------ SOURCE DATA
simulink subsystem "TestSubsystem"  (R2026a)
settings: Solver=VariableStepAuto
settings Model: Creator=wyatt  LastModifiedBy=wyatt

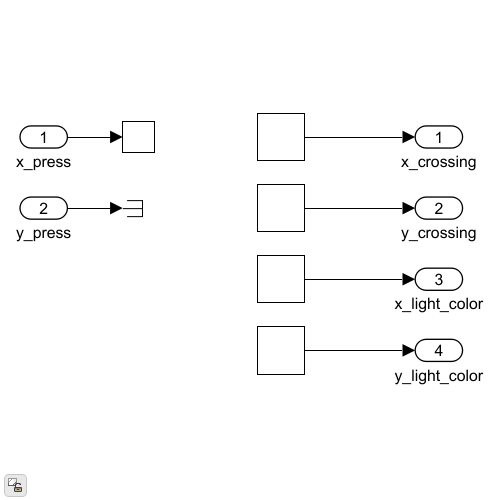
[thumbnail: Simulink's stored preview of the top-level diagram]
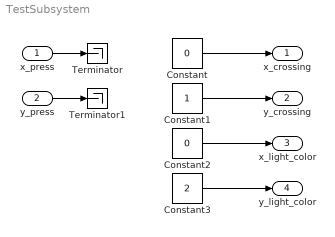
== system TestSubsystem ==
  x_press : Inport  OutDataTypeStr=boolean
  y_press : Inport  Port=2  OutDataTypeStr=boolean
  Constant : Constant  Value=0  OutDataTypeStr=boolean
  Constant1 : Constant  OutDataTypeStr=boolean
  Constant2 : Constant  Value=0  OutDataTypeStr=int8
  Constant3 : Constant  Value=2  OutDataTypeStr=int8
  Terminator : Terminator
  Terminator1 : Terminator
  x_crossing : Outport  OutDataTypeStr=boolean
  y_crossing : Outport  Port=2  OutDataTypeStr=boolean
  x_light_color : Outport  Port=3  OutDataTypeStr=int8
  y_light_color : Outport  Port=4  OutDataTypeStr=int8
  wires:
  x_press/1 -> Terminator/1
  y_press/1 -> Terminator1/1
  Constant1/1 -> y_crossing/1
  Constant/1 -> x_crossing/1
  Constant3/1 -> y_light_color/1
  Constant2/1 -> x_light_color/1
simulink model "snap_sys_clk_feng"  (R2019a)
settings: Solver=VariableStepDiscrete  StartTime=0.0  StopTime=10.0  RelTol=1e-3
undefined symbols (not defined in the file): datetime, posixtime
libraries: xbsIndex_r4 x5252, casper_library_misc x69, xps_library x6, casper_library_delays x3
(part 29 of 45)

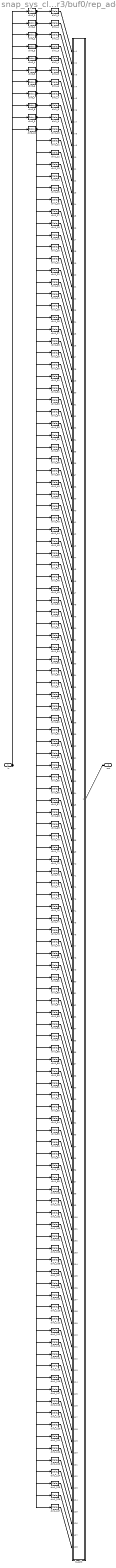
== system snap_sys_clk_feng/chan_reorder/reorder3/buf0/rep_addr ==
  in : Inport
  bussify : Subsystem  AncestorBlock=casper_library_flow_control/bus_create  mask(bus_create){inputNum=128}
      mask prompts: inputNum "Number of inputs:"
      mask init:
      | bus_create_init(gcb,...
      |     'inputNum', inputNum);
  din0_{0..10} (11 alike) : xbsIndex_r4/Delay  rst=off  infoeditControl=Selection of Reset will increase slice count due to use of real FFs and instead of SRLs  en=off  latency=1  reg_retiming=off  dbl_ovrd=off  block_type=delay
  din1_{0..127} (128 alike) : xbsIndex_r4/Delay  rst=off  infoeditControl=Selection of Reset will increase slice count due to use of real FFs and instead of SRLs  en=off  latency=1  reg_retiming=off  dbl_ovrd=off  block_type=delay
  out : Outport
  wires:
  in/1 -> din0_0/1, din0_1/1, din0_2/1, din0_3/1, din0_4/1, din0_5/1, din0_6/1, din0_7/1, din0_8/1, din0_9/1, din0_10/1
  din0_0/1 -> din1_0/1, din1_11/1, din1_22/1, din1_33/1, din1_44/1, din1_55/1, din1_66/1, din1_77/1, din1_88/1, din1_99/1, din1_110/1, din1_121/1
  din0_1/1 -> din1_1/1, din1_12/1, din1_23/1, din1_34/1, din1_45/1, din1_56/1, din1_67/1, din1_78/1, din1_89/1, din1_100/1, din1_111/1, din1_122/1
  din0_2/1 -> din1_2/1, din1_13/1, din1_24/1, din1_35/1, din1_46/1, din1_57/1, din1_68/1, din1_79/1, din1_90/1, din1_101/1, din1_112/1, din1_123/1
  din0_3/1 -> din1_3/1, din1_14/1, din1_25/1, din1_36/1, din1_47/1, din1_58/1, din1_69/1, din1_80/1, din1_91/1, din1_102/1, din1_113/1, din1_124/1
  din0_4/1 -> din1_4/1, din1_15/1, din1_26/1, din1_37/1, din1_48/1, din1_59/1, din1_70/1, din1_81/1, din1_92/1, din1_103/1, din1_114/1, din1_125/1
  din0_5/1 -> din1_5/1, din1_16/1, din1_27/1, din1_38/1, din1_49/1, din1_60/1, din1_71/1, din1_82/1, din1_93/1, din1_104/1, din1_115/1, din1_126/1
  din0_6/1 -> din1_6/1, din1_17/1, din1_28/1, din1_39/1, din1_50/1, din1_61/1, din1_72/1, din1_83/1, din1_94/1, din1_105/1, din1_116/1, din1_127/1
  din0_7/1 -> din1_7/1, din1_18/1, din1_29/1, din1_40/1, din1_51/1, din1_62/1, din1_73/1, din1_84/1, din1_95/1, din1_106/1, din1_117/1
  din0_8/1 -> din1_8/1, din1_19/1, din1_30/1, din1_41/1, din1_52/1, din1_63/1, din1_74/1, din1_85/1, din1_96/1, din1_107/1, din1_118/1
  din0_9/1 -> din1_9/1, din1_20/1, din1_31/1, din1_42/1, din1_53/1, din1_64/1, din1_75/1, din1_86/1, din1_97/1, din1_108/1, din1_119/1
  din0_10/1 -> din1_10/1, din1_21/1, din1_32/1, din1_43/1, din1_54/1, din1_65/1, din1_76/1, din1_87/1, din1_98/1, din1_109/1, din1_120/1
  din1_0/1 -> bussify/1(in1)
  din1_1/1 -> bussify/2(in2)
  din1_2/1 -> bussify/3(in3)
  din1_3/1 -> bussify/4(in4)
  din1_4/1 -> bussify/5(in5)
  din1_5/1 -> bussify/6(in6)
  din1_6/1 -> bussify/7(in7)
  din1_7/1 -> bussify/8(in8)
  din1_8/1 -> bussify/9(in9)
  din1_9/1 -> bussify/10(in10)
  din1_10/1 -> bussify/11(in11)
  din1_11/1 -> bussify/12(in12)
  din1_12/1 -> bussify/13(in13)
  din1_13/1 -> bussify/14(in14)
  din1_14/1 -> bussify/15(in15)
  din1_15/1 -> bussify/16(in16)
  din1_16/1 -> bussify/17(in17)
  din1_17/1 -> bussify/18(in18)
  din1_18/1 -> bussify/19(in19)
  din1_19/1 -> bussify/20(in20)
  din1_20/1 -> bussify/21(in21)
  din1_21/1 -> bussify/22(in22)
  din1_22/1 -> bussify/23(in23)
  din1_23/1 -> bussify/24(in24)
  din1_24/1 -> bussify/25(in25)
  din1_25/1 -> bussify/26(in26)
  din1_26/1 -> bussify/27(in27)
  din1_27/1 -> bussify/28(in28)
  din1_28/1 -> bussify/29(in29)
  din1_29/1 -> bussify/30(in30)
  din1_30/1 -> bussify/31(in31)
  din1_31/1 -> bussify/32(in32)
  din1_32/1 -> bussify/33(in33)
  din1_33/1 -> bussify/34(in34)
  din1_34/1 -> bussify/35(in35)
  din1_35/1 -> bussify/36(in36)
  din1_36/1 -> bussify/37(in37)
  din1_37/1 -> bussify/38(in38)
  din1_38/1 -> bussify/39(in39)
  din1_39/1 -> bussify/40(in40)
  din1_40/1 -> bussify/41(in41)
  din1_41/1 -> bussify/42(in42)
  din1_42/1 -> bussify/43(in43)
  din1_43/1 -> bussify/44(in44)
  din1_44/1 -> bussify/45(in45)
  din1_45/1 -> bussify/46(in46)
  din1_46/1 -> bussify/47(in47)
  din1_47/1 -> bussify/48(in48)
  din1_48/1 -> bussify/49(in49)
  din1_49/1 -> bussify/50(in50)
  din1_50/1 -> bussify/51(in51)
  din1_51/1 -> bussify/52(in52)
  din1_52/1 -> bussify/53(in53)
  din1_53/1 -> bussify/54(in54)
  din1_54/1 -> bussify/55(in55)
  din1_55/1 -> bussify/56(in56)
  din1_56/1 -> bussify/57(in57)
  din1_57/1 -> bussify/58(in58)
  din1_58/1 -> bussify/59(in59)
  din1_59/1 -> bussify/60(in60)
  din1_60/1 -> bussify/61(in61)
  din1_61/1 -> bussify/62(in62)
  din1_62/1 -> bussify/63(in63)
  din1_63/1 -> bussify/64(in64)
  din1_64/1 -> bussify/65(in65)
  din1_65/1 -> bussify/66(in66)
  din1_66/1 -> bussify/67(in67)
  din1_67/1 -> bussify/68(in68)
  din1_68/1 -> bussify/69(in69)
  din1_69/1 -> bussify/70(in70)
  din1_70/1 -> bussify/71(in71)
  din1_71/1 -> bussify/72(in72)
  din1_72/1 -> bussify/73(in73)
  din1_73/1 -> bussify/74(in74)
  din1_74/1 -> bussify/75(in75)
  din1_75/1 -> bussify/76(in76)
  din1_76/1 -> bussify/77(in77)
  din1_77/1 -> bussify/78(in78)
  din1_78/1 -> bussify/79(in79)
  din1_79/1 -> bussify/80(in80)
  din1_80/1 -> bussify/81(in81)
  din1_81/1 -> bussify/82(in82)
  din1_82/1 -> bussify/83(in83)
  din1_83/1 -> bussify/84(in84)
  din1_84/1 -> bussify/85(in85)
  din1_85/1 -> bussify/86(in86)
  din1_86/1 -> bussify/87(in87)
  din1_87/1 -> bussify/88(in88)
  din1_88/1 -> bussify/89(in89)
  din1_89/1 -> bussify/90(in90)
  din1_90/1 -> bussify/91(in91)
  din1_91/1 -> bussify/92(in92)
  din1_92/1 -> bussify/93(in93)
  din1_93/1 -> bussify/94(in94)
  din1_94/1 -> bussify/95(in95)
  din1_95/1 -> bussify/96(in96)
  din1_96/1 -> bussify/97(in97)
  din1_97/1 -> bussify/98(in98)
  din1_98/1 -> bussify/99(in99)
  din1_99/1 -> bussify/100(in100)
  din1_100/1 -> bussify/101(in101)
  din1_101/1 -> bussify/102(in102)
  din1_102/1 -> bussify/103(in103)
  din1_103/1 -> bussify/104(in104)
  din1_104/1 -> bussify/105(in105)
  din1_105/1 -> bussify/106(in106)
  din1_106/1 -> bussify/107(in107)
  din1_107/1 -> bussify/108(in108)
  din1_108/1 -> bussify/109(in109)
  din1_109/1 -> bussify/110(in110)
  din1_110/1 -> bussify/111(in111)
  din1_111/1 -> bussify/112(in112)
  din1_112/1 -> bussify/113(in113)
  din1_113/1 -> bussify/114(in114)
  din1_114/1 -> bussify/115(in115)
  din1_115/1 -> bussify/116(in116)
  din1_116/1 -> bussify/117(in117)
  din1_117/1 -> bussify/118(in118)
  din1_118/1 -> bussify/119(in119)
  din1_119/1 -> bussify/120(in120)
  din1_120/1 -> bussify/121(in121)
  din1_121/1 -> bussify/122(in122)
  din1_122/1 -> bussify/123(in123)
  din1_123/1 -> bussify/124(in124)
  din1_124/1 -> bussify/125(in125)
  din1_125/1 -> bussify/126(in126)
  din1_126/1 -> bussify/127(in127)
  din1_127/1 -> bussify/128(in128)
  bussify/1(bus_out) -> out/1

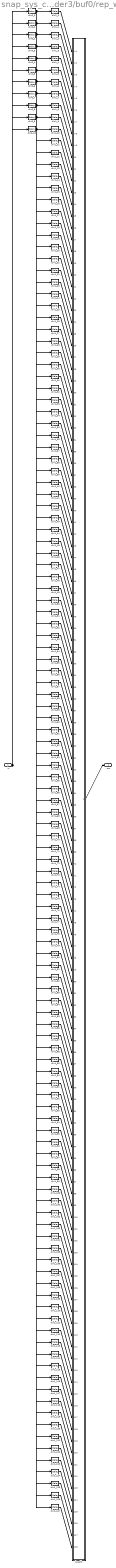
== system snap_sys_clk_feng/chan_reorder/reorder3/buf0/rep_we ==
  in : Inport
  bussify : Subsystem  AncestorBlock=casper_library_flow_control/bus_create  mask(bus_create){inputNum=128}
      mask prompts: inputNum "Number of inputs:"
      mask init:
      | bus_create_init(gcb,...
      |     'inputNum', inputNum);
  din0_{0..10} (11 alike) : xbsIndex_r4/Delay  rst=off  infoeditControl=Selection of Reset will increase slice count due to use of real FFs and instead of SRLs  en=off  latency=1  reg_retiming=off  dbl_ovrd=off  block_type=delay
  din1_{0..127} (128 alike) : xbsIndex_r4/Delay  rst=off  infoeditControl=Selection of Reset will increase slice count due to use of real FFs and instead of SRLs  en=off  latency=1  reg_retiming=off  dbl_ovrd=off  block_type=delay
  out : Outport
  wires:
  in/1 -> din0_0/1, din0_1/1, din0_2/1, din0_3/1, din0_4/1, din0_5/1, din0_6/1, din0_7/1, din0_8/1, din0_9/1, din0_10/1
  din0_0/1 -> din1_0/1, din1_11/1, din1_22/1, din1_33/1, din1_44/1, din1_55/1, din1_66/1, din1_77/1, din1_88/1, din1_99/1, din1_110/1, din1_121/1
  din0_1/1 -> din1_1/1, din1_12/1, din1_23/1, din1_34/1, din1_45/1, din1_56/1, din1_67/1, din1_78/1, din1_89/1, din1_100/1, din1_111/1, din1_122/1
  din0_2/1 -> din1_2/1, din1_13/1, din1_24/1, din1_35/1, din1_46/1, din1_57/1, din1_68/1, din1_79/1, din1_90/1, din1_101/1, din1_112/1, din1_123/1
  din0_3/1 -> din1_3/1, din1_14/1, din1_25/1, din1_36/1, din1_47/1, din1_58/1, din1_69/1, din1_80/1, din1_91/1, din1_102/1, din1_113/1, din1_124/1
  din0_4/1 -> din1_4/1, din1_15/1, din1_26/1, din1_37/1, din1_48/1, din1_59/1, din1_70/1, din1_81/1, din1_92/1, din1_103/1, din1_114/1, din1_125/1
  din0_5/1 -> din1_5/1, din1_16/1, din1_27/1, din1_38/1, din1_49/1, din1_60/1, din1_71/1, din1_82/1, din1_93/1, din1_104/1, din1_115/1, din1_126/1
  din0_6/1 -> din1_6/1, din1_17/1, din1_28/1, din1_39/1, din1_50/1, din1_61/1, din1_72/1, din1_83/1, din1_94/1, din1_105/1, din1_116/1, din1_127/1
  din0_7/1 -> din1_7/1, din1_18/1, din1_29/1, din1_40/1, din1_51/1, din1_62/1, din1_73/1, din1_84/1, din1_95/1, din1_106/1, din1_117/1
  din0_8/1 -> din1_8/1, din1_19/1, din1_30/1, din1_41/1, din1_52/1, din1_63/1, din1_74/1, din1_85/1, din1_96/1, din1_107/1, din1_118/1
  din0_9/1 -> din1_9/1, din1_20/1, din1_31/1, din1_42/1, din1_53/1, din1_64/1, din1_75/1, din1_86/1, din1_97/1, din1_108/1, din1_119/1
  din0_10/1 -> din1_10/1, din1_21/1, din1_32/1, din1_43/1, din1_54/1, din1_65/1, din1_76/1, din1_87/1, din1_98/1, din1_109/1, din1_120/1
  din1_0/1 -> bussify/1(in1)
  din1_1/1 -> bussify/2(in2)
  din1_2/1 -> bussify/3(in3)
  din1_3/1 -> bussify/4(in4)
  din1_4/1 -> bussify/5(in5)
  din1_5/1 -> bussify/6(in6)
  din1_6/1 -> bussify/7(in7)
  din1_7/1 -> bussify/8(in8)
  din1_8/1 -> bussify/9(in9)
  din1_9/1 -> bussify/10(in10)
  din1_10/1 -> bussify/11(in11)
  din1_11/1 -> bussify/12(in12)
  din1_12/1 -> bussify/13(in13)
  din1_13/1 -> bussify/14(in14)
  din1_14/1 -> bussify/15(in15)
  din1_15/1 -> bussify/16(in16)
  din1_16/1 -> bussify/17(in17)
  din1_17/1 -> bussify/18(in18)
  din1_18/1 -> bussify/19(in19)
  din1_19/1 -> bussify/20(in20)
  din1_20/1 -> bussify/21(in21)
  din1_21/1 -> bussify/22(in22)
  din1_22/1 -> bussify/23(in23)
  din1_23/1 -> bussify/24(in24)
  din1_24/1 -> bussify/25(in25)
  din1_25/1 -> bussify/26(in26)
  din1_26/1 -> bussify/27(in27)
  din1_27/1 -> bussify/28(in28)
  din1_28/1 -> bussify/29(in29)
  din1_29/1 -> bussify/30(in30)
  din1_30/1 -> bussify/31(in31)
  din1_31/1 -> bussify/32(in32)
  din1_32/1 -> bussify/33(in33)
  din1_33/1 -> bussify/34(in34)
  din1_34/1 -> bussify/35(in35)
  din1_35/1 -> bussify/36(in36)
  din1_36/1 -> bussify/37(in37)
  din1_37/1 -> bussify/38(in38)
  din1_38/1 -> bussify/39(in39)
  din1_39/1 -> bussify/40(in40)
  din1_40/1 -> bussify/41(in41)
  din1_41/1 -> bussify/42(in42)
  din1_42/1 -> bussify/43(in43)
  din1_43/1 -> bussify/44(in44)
------------
_WHAT TO DO_:
In the data above, how many lines hold the string "Inport"? Give the number by itself.

_FINISHED EXERCISE_:
4